# Module 6 – Episode 23: Clustering for Hotspot Detection (DBSCAN)

In this episode, you'll learn how to detect accident **hotspots** using the DBSCAN clustering algorithm.
We’ll cluster accident points in Lisbon that are within **50 meters** of each other and visualize the results on an interactive `Folium` map.

## Install Required Libraries

In [None]:
!pip install folium geopandas scikit-learn --quiet

In [None]:
import pandas as pd
import geopandas as gpd
from shapely.geometry import Point
import folium
from sklearn.cluster import DBSCAN
import numpy as np

## Load and Convert the Dataset

In [None]:
# URL to the raw CSV file
url = "https://raw.githubusercontent.com/tamagusko/geospatial-data-science-course/main/data/Dummy_Accident_Dataset_Lisbon.csv"

# Load CSV file (dummy data)
df = pd.read_csv(url)

# Convert to GeoDataFrame
geometry = [Point(xy) for xy in zip(df["Longitude"], df["Latitude"])]
gdf = gpd.GeoDataFrame(df, geometry=geometry, crs="EPSG:4326")

# Preview
gdf.head()

Unnamed: 0,ID,Latitude,Longitude,Severity,geometry
0,1,38.731971,-9.127767,1,POINT (-9.12777 38.73197)
1,3,38.713751,-9.14639,2,POINT (-9.14639 38.71375)
2,4,38.711161,-9.153781,3,POINT (-9.15378 38.71116)
3,5,38.736824,-9.121711,1,POINT (-9.12171 38.73682)
4,6,38.733835,-9.146536,2,POINT (-9.14654 38.73384)


## Apply DBSCAN to Detect Clusters

In [None]:
# Project to meters (UTM for Lisbon)
gdf_meters = gdf.to_crs(epsg=3763)
coords = np.array(list(zip(gdf_meters.geometry.x, gdf_meters.geometry.y)))
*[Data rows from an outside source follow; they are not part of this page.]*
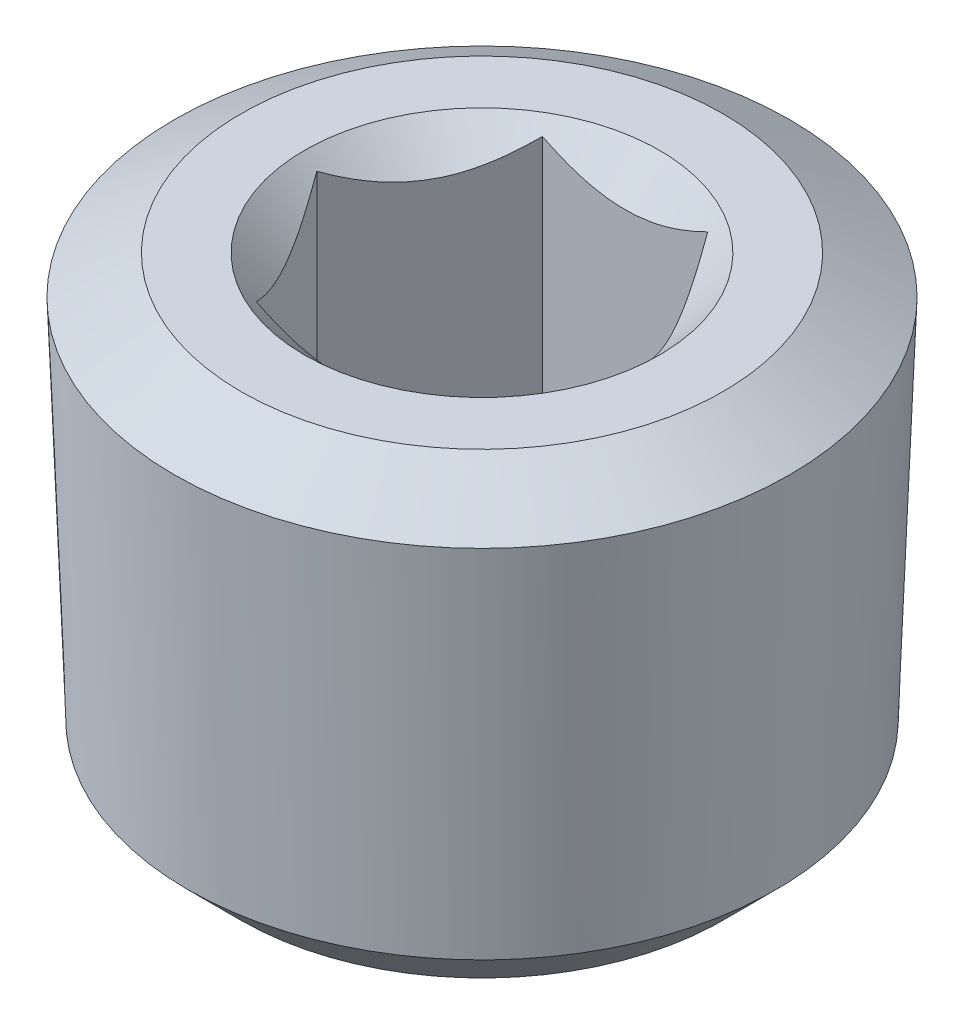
ISO-10303-21;
HEADER;
FILE_DESCRIPTION(('STEP AP214'),'2;1');
FILE_NAME('part.step','',(''),(''),'','','');
FILE_SCHEMA(('AUTOMOTIVE_DESIGN { 1 0 10303 214 1 1 1 1 }'));
ENDSEC;
DATA;
#1=APPLICATION_CONTEXT('core data for automotive mechanical design processes');
#2=APPLICATION_PROTOCOL_DEFINITION('international standard','automotive_design',2000,#1);
#3=PRODUCT_CONTEXT('',#1,'mechanical');
#4=PRODUCT('Part','Part','',(#3));
#5=PRODUCT_RELATED_PRODUCT_CATEGORY('part','',(#4));
#6=PRODUCT_DEFINITION_FORMATION('','',#4);
#7=PRODUCT_DEFINITION_CONTEXT('part definition',#1,'design');
#8=PRODUCT_DEFINITION('design','',#6,#7);
#9=PRODUCT_DEFINITION_SHAPE('','',#8);
#10=(LENGTH_UNIT() NAMED_UNIT(*) SI_UNIT(.MILLI.,.METRE.));
#11=(NAMED_UNIT(*) PLANE_ANGLE_UNIT() SI_UNIT($,.RADIAN.));
#12=(NAMED_UNIT(*) SI_UNIT($,.STERADIAN.) SOLID_ANGLE_UNIT());
#13=UNCERTAINTY_MEASURE_WITH_UNIT(LENGTH_MEASURE(1.E-05),#10,'distance_accuracy_value','');
#14=(GEOMETRIC_REPRESENTATION_CONTEXT(3) GLOBAL_UNCERTAINTY_ASSIGNED_CONTEXT((#13)) GLOBAL_UNIT_ASSIGNED_CONTEXT((#10,
#11,#12)) REPRESENTATION_CONTEXT('',''));
#15=CARTESIAN_POINT('',(0.,0.,0.));
#16=DIRECTION('',(0.,0.,1.));
#17=DIRECTION('',(1.,0.,0.));
#18=AXIS2_PLACEMENT_3D('',#15,#16,#17);
#19=CARTESIAN_POINT('',(0.,0.,0.));
#20=DIRECTION('',(0.,1.,0.));
#21=DIRECTION('',(0.,0.,1.));
#22=AXIS2_PLACEMENT_3D('',#19,#20,#21);
#23=PLANE('',#22);
#24=CARTESIAN_POINT('',(0.,0.,0.));
#25=DIRECTION('',(0.,1.,0.));
#26=DIRECTION('',(0.,0.,1.));
#27=AXIS2_PLACEMENT_3D('',#24,#25,#26);
#28=CIRCLE('',#27,3.937);
#29=CARTESIAN_POINT('',(0.,0.,3.937));
#30=VERTEX_POINT('',#29);
#31=EDGE_CURVE('E246',#30,#30,#28,.T.);
#32=ORIENTED_EDGE('',*,*,#31,.F.);
#33=EDGE_LOOP('',(#32));
#34=FACE_BOUND('',#33,.T.);
#35=CARTESIAN_POINT('',(0.,0.,0.));
#36=DIRECTION('',(0.,1.,0.));
#37=DIRECTION('',(0.,0.,1.));
#38=AXIS2_PLACEMENT_3D('',#35,#36,#37);
#39=CIRCLE('',#38,5.34458046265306);
#40=CARTESIAN_POINT('',(0.,0.,5.34458046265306));
#41=VERTEX_POINT('',#40);
#42=EDGE_CURVE('E12',#41,#41,#39,.T.);
#43=ORIENTED_EDGE('',*,*,#42,.T.);
#44=EDGE_LOOP('',(#43));
#45=FACE_BOUND('',#44,.T.);
#46=ADVANCED_FACE('F33',(#34,#45),#23,.T.);
#47=CARTESIAN_POINT('',(0.,0.,0.));
#48=DIRECTION('',(0.,-1.,0.));
#49=DIRECTION('',(0.,0.,-1.));
#50=AXIS2_PLACEMENT_3D('',#47,#48,#49);
#51=CONICAL_SURFACE('',#50,5.34458046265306,1.0471975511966);
#52=CARTESIAN_POINT('',(0.,-0.855759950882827,0.));
#53=DIRECTION('',(0.,1.,0.));
#54=DIRECTION('',(0.,0.,1.));
#55=AXIS2_PLACEMENT_3D('',#52,#53,#54);
#56=CIRCLE('',#55,6.82680017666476);
#57=CARTESIAN_POINT('',(0.,-0.855759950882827,6.82680017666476));
#58=VERTEX_POINT('',#57);
#59=EDGE_CURVE('E40',#58,#58,#56,.T.);
#60=ORIENTED_EDGE('',*,*,#59,.T.);
#61=EDGE_LOOP('',(#60));
#62=FACE_BOUND('',#61,.T.);
#63=ORIENTED_EDGE('',*,*,#42,.F.);
#64=EDGE_LOOP('',(#63));
#65=FACE_BOUND('',#64,.T.);
#66=ADVANCED_FACE('F236',(#62,#65),#51,.T.);
#67=CARTESIAN_POINT('',(0.,-0.855759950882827,0.));
#68=DIRECTION('',(0.,1.,0.));
#69=DIRECTION('',(0.,0.,1.));
#70=AXIS2_PLACEMENT_3D('',#67,#68,#69);
#71=CONICAL_SURFACE('',#70,6.82680017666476,0.0364424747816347);
#72=CARTESIAN_POINT('',(0.,-8.97375100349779,0.));
#73=DIRECTION('',(0.,1.,0.));
#74=DIRECTION('',(0.,0.,1.));
#75=AXIS2_PLACEMENT_3D('',#72,#73,#74);
#76=CIRCLE('',#75,6.53082945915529);
#77=CARTESIAN_POINT('',(0.,-8.97375100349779,6.53082945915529));
#78=VERTEX_POINT('',#77);
#79=EDGE_CURVE('E254',#78,#78,#76,.T.);
#80=ORIENTED_EDGE('',*,*,#79,.T.);
#81=EDGE_LOOP('',(#80));
#82=FACE_BOUND('',#81,.T.);
#83=ORIENTED_EDGE('',*,*,#59,.F.);
#84=EDGE_LOOP('',(#83));
#85=FACE_BOUND('',#84,.T.);
#86=ADVANCED_FACE('F241',(#82,#85),#71,.T.);
#87=CARTESIAN_POINT('',(0.,-8.97375100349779,0.));
#88=DIRECTION('',(0.,1.,0.));
#89=DIRECTION('',(0.,0.,1.));
#90=AXIS2_PLACEMENT_3D('',#87,#88,#89);
#91=CONICAL_SURFACE('',#90,6.53082945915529,0.785398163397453);
#92=CARTESIAN_POINT('',(0.,-10.16,0.));
#93=DIRECTION('',(0.,1.,0.));
#94=DIRECTION('',(0.,0.,1.));
#95=AXIS2_PLACEMENT_3D('',#92,#93,#94);
#96=CIRCLE('',#95,5.34458046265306);
#97=CARTESIAN_POINT('',(0.,-10.16,5.34458046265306));
#98=VERTEX_POINT('',#97);
#99=EDGE_CURVE('E250',#98,#98,#96,.T.);
#100=ORIENTED_EDGE('',*,*,#99,.T.);
#101=EDGE_LOOP('',(#100));
#102=FACE_BOUND('',#101,.T.);
#103=ORIENTED_EDGE('',*,*,#79,.F.);
#104=EDGE_LOOP('',(#103));
#105=FACE_BOUND('',#104,.T.);
#106=ADVANCED_FACE('F264',(#102,#105),#91,.T.);
#107=CARTESIAN_POINT('',(-5.34458046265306,-10.16,0.));
#108=DIRECTION('',(0.,-1.,0.));
#109=DIRECTION('',(0.,0.,-1.));
#110=AXIS2_PLACEMENT_3D('',#107,#108,#109);
#111=PLANE('',#110);
#112=ORIENTED_EDGE('',*,*,#99,.F.);
#113=EDGE_LOOP('',(#112));
#114=FACE_BOUND('',#113,.T.);
#115=ADVANCED_FACE('F180',(#114),#111,.T.);
#116=CARTESIAN_POINT('',(0.,0.,0.));
#117=DIRECTION('',(0.,1.,0.));
#118=DIRECTION('',(0.,0.,1.));
#119=AXIS2_PLACEMENT_3D('',#116,#117,#118);
#120=CONICAL_SURFACE('',#119,3.937,0.785398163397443);
#121=CARTESIAN_POINT('',(-3.93571910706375,1.11972916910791,3.175));
#122=CARTESIAN_POINT('',(-3.84104338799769,1.04605819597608,3.175));
#123=CARTESIAN_POINT('',(-3.7458702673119,0.973016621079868,3.175));
#124=CARTESIAN_POINT('',(-3.55432152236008,0.828483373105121,3.175));
#125=CARTESIAN_POINT('',(-3.45794562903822,0.756992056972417,3.175));
#126=CARTESIAN_POINT('',(-3.26308115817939,0.615342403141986,3.175));
#127=CARTESIAN_POINT('',(-3.1645820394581,0.545198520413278,3.175));
#128=CARTESIAN_POINT('',(-2.96596703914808,0.407246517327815,3.175));
#129=CARTESIAN_POINT('',(-2.86585126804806,0.339438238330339,3.175));
#130=CARTESIAN_POINT('',(-2.65689636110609,0.202214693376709,3.175));
#131=CARTESIAN_POINT('',(-2.5479247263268,0.133000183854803,3.175));
#132=CARTESIAN_POINT('',(-2.32741654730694,-0.0012864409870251,3.175));
#133=CARTESIAN_POINT('',(-2.21587956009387,-0.0663578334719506,3.175));
#134=CARTESIAN_POINT('',(-1.99018437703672,-0.190984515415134,3.175));
#135=CARTESIAN_POINT('',(-1.87603517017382,-0.250555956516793,3.175));
#136=CARTESIAN_POINT('',(-1.64444175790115,-0.362847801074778,3.175));
#137=CARTESIAN_POINT('',(-1.52699917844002,-0.415571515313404,3.175));
#138=CARTESIAN_POINT('',(-1.30155237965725,-0.506949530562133,3.175));
#139=CARTESIAN_POINT('',(-1.1939199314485,-0.546511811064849,3.175));
#140=CARTESIAN_POINT('',(-0.975818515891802,-0.61702882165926,3.175));
#141=CARTESIAN_POINT('',(-0.865349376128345,-0.647983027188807,3.175));
#142=CARTESIAN_POINT('',(-0.644216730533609,-0.699051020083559,3.175));
#143=CARTESIAN_POINT('',(-0.53360121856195,-0.719369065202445,3.175));
#144=CARTESIAN_POINT('',(-0.310874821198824,-0.748724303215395,3.175));
#145=CARTESIAN_POINT('',(-0.198764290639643,-0.757764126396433,3.175));
#146=CARTESIAN_POINT('',(0.0202799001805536,-0.763730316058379,3.175));
#147=CARTESIAN_POINT('',(0.127198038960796,-0.761228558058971,3.175));
#148=CARTESIAN_POINT('',(0.340248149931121,-0.745589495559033,3.175));
#149=CARTESIAN_POINT('',(0.446380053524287,-0.732451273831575,3.175));
#150=CARTESIAN_POINT('',(0.658892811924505,-0.696075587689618,3.175));
#151=CARTESIAN_POINT('',(0.765241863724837,-0.672655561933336,3.175));
#152=CARTESIAN_POINT('',(0.975578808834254,-0.617048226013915,3.175));
#153=CARTESIAN_POINT('',(1.07956679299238,-0.584861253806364,3.175));
#154=CARTESIAN_POINT('',(1.28885040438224,-0.511832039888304,3.175));
#155=CARTESIAN_POINT('',(1.39404662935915,-0.470708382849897,3.175));
#156=CARTESIAN_POINT('',(1.60173093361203,-0.382096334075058,3.175));
#157=CARTESIAN_POINT('',(1.70421815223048,-0.334605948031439,3.175));
#158=CARTESIAN_POINT('',(1.90698237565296,-0.234377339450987,3.175));
#159=CARTESIAN_POINT('',(2.0072512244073,-0.18162275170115,3.175));
#160=CARTESIAN_POINT('',(2.20549346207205,-0.0720283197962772,3.175));
#161=CARTESIAN_POINT('',(2.30346724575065,-0.0151891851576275,3.175));
#162=CARTESIAN_POINT('',(2.49264239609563,0.0988994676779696,3.175));
#163=CARTESIAN_POINT('',(2.58393963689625,0.155990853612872,3.175));
#164=CARTESIAN_POINT('',(2.76496520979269,0.272616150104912,3.175));
#165=CARTESIAN_POINT('',(2.85469342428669,0.3321502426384,3.175));
#166=CARTESIAN_POINT('',(3.03206818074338,0.45274472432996,3.175));
#167=CARTESIAN_POINT('',(3.11972562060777,0.513789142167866,3.175));
#168=CARTESIAN_POINT('',(3.29383610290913,0.637523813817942,3.175));
#169=CARTESIAN_POINT('',(3.38028947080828,0.700213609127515,3.175));
#170=CARTESIAN_POINT('',(3.46623735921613,0.763577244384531,3.175));
#171=B_SPLINE_CURVE_WITH_KNOTS('',3,(#121,#122,#123,#124,#125,#126,#127,#128,#129,#130,#131,
#132,#133,#134,#135,#136,#137,#138,#139,#140,#141,#142,#143,#144,#145,#146,#147,#148,#149,#150,
#151,#152,#153,#154,#155,#156,#157,#158,#159,#160,#161,#162,#163,#164,#165,#166,#167,#168,#169,
#170),.UNSPECIFIED.,.F.,.F.,(4,2,2,2,2,2,2,2,2,2,2,2,2,2,2,2,2,2,2,2,2,2,2,2,4),(0.,
0.359892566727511,0.719867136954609,1.08260645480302,1.44532108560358,1.83253224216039,
2.21981077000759,2.60591317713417,2.99182820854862,3.33555423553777,3.67930120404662,
4.01617928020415,4.35297877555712,4.67327447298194,4.99359779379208,5.31985449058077,
5.64609861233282,5.98468714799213,6.32338199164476,6.66316466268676,7.00288845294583,
7.3258777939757,7.64889124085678,7.96932699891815,8.28967439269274),.UNSPECIFIED.);
#172=CARTESIAN_POINT('',(1.83308710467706,-0.27082579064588,3.175));
#173=VERTEX_POINT('',#172);
#174=CARTESIAN_POINT('',(-1.83308710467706,-0.27082579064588,3.175));
#175=VERTEX_POINT('',#174);
#176=EDGE_CURVE('E47',#173,#175,#171,.F.);
#177=ORIENTED_EDGE('',*,*,#176,.T.);
#178=CARTESIAN_POINT('',(-1.83297163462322,-0.270710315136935,3.1752));
#179=CARTESIAN_POINT('',(-1.89598269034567,-0.333666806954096,3.06606165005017));
#180=CARTESIAN_POINT('',(-1.9600473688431,-0.392925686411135,2.95509837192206));
#181=CARTESIAN_POINT('',(-2.09068223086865,-0.501427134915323,2.72883215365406));
#182=CARTESIAN_POINT('',(-2.15726483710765,-0.550609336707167,2.61350769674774));
#183=CARTESIAN_POINT('',(-2.29152545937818,-0.634859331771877,2.38096147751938));
#184=CARTESIAN_POINT('',(-2.35916928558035,-0.670138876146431,2.26379893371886));
#185=CARTESIAN_POINT('',(-2.49594609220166,-0.724494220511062,2.02689455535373));
#186=CARTESIAN_POINT('',(-2.56507489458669,-0.743610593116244,1.90715995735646));
#187=CARTESIAN_POINT('',(-2.68421566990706,-0.760858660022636,1.70080208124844));
#188=CARTESIAN_POINT('',(-2.73407378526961,-0.763411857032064,1.61444529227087));
#189=CARTESIAN_POINT('',(-2.83370891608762,-0.759109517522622,1.44187218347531));
#190=CARTESIAN_POINT('',(-2.88348589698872,-0.752250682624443,1.35565592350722));
#191=CARTESIAN_POINT('',(-2.98256827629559,-0.729515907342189,1.1840402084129));
#192=CARTESIAN_POINT('',(-3.03187308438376,-0.713629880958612,1.09864177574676));
#193=CARTESIAN_POINT('',(-3.12963590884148,-0.673707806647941,0.929311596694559));
#194=CARTESIAN_POINT('',(-3.17809398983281,-0.649672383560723,0.845379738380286));
#195=CARTESIAN_POINT('',(-3.26412109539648,-0.600220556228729,0.696376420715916));
#196=CARTESIAN_POINT('',(-3.30188053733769,-0.576104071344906,0.630975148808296));
#197=CARTESIAN_POINT('',(-3.37672152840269,-0.523984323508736,0.501346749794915));
#198=CARTESIAN_POINT('',(-3.41380305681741,-0.495980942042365,0.437119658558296));
#199=CARTESIAN_POINT('',(-3.48717139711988,-0.436715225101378,0.310041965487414));
#200=CARTESIAN_POINT('',(-3.52346029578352,-0.405463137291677,0.247187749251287));
#201=CARTESIAN_POINT('',(-3.59536602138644,-0.340110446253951,0.122643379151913));
#202=CARTESIAN_POINT('',(-3.63098324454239,-0.306011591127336,0.0609525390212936));
#203=CARTESIAN_POINT('',(-3.66628967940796,-0.270710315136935,-0.000199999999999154));
#204=B_SPLINE_CURVE_WITH_KNOTS('',3,(#178,#179,#180,#181,#182,#183,#184,#185,#186,#187,#188,
#189,#190,#191,#192,#193,#194,#195,#196,#197,#198,#199,#200,#201,#202,#203),.UNSPECIFIED.,.F.,
.F.,(4,2,2,2,2,2,2,2,2,2,2,2,4),(0.,0.422910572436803,0.848285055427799,1.26690402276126,
1.68446903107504,1.98329272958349,2.28222117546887,2.58148426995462,2.88072442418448,
3.11844134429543,3.35616551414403,3.59316134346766,3.8300126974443),.UNSPECIFIED.);
#205=CARTESIAN_POINT('',(-3.66617420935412,-0.270825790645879,0.));
#206=VERTEX_POINT('',#205);
#207=EDGE_CURVE('E122',#175,#206,#204,.T.);
#208=ORIENTED_EDGE('',*,*,#207,.T.);
#209=CARTESIAN_POINT('',(-3.66628967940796,-0.270710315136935,0.000200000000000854));
#210=CARTESIAN_POINT('',(-3.60327862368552,-0.333666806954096,-0.108938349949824));
#211=CARTESIAN_POINT('',(-3.53921394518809,-0.392925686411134,-0.219901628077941));
#212=CARTESIAN_POINT('',(-3.40857908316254,-0.501427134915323,-0.44616784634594));
#213=CARTESIAN_POINT('',(-3.34199647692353,-0.550609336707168,-0.561492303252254));
#214=CARTESIAN_POINT('',(-3.20773585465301,-0.634859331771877,-0.794038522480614));
#215=CARTESIAN_POINT('',(-3.14009202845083,-0.670138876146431,-0.911201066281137));
#216=CARTESIAN_POINT('',(-3.00331522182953,-0.724494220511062,-1.14810544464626));
#217=CARTESIAN_POINT('',(-2.93418641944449,-0.743610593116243,-1.26784004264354));
#218=CARTESIAN_POINT('',(-2.81504564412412,-0.760858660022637,-1.47419791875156));
#219=CARTESIAN_POINT('',(-2.76518752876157,-0.763411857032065,-1.56055470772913));
#220=CARTESIAN_POINT('',(-2.66555239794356,-0.759109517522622,-1.73312781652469));
#221=CARTESIAN_POINT('',(-2.61577541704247,-0.752250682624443,-1.81934407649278));
#222=CARTESIAN_POINT('',(-2.51669303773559,-0.729515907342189,-1.9909597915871));
#223=CARTESIAN_POINT('',(-2.46738822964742,-0.713629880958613,-2.07635822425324));
#224=CARTESIAN_POINT('',(-2.36962540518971,-0.673707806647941,-2.24568840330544));
#225=CARTESIAN_POINT('',(-2.32116732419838,-0.649672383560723,-2.32962026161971));
#226=CARTESIAN_POINT('',(-2.2351402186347,-0.600220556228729,-2.47862357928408));
#227=CARTESIAN_POINT('',(-2.1973807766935,-0.576104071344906,-2.5440248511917));
#228=CARTESIAN_POINT('',(-2.1225397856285,-0.523984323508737,-2.67365325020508));
#229=CARTESIAN_POINT('',(-2.08545825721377,-0.495980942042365,-2.7378803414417));
#230=CARTESIAN_POINT('',(-2.0120899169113,-0.436715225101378,-2.86495803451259));
#231=CARTESIAN_POINT('',(-1.97580101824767,-0.405463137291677,-2.92781225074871));
#232=CARTESIAN_POINT('',(-1.90389529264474,-0.340110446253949,-3.05235662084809));
#233=CARTESIAN_POINT('',(-1.8682780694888,-0.306011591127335,-3.11404746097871));
#234=CARTESIAN_POINT('',(-1.83297163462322,-0.270710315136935,-3.1752));
#235=B_SPLINE_CURVE_WITH_KNOTS('',3,(#209,#210,#211,#212,#213,#214,#215,#216,#217,#218,#219,
#220,#221,#222,#223,#224,#225,#226,#227,#228,#229,#230,#231,#232,#233,#234),.UNSPECIFIED.,.F.,
.F.,(4,2,2,2,2,2,2,2,2,2,2,2,4),(0.,0.422910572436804,0.848285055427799,1.26690402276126,
1.68446903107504,1.98329272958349,2.28222117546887,2.58148426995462,2.88072442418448,
3.11844134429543,3.35616551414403,3.59316134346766,3.8300126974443),.UNSPECIFIED.);
#236=CARTESIAN_POINT('',(-1.83308710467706,-0.270825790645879,-3.175));
#237=VERTEX_POINT('',#236);
#238=EDGE_CURVE('E203',#206,#237,#235,.T.);
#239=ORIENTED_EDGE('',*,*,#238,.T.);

# Run DBSCAN: 50m radius, min 2 points per cluster
db = DBSCAN(eps=50, min_samples=2, metric='euclidean').fit(coords)
gdf["Cluster"] = db.labels_.astype(str)

# Check result
gdf["Cluster"].value_counts()

Unnamed: 0_level_0,count
Cluster,Unnamed: 1_level_1
-1,15
2,5
1,3
0,2


## Plot Clusters on a `Folium` Map

In [None]:
# Generate base map centered on Lisbon
lisbon_center = [gdf["Latitude"].mean(), gdf["Longitude"].mean()]
map = folium.Map(location=lisbon_center, zoom_start=14, tiles="CartoDB Positron")

# Define color palette
import matplotlib.cm as cm
import matplotlib.colors as colors
unique_clusters = sorted(gdf["Cluster"].unique())
cmap = cm.get_cmap('Set1', len(unique_clusters))
cluster_colors = {cluster: colors.rgb2hex(cmap(i)) for i, cluster in enumerate(unique_clusters)}

# Add points to map
for _, row in gdf.iterrows():
    folium.CircleMarker(
        location=[row["Latitude"], row["Longitude"]],
        radius=6,
        color=cluster_colors[row["Cluster"]],
        fill=True,
        fill_opacity=0.7,
        popup=f"ID: {row['ID']}<br>Severity: {row['Severity']}<br>Cluster: {row['Cluster']}"
    ).add_to(map)

# Show the map
map

  cmap = cm.get_cmap('Set1', len(unique_clusters))


## Summary
In this episode, you learned how to detect spatial **accident hotspots** using the `DBSCAN` clustering algorithm.

You projected geographic coordinates to meters, applied `DBSCAN` to group nearby accident points within 50 meters, and assigned cluster labels to each observation.  
Then, using `Folium`, you visualized the results as an interactive map with color-coded markers representing different clusters.